In 1922, André Breton was in charge of the review, after the departure of Louis Aragon and Philippe Soupault, with whom he had founded it in 1919. To mark the review’s change of direction, Breton decided to replace the cover image (which had been created by Man Ray) with drawings — different each time — by Picabia, to whom he gave carte blanche for each issue. In the artist’s career, these drawings came between the famous mechanomorphic works and the Espagnoles.

Picabia’s mechanomorphic work, where he blended machinist aesthetics with representations of the human body, creating his significant dea ex machina period — is in my mind his strongest.

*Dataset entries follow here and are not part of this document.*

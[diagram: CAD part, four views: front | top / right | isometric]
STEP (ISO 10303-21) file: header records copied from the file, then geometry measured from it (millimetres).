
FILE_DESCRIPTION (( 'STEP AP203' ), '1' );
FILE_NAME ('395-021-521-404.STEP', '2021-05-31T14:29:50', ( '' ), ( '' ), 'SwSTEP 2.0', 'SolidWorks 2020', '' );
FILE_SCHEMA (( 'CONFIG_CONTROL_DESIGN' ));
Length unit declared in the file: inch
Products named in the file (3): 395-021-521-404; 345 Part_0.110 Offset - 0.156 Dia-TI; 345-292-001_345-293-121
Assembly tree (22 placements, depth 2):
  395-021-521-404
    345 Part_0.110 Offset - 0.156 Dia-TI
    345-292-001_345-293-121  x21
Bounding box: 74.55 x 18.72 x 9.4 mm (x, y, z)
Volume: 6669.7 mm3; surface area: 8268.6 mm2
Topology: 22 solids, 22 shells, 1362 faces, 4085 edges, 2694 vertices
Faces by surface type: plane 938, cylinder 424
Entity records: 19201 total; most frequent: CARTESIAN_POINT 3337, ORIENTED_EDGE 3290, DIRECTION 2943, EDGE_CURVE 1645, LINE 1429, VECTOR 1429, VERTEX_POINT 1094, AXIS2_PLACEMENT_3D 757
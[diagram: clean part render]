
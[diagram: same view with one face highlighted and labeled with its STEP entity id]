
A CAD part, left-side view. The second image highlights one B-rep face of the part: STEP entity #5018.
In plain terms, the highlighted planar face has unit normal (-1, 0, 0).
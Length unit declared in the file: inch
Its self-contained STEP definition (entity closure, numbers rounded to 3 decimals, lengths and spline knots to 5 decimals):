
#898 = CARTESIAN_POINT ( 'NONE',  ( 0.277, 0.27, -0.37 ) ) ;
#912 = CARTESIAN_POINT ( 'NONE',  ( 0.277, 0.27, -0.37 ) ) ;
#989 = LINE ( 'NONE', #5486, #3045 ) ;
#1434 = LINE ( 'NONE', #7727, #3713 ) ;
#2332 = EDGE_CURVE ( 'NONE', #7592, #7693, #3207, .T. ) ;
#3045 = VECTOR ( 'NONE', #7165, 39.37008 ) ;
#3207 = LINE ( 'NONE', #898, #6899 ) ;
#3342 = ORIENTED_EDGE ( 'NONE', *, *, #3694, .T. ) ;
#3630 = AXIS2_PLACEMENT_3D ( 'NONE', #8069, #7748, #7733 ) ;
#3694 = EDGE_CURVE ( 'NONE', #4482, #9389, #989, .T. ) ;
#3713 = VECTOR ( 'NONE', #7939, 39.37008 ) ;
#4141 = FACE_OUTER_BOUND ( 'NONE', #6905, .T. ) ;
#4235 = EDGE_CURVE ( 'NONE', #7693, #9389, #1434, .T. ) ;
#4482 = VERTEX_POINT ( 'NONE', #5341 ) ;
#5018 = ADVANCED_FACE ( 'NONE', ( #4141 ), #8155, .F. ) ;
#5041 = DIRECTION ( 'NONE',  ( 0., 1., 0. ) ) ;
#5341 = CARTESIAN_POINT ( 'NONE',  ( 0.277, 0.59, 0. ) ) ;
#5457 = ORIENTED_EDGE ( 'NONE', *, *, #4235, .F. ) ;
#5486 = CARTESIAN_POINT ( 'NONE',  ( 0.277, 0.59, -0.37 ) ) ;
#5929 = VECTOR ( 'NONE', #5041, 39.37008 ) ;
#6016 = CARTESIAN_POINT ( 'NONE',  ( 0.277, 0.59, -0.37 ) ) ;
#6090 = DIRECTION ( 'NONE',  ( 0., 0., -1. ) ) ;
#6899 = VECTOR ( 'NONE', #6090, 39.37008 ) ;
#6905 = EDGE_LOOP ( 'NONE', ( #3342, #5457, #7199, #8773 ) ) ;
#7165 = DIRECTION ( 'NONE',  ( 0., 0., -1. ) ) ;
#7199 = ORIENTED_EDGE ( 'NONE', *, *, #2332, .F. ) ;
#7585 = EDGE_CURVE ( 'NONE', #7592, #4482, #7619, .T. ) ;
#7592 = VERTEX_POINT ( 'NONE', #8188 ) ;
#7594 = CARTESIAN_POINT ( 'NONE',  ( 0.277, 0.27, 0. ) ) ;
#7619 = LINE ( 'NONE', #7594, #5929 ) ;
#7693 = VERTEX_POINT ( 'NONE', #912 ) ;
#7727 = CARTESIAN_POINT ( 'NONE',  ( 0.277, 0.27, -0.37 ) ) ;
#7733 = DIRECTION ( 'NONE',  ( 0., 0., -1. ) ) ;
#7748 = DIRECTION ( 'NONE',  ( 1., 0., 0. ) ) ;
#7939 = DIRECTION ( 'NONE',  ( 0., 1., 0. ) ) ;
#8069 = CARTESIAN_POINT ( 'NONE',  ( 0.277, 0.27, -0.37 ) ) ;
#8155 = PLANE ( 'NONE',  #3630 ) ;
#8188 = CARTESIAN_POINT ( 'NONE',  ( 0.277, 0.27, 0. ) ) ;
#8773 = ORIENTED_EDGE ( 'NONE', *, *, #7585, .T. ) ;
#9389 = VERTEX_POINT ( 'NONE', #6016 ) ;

By this artistic amalgamation, Picabia expressed decadent cyber-sensations in advance, connected to the interface/dialectic between body and machine. Undoubtedly, with his Dada mechanomorphic period, Picabia illustrated nicely our spatial/digital paradigm by mixing bodies with mechanical schematics. Here the phantasmagorical cyborg body received an ecstatic capability through machinery, a condition now commonly known as posthuman.

025. Picabiaaa Projet de couverture LittÇrature 1922-1924

Francis Picabia, untitled cover project for Littérature (1922–24) (Centre Pompidou, musée national d’art moderne, Paris. Achat grâce au mécénat de Sanofi, 2014)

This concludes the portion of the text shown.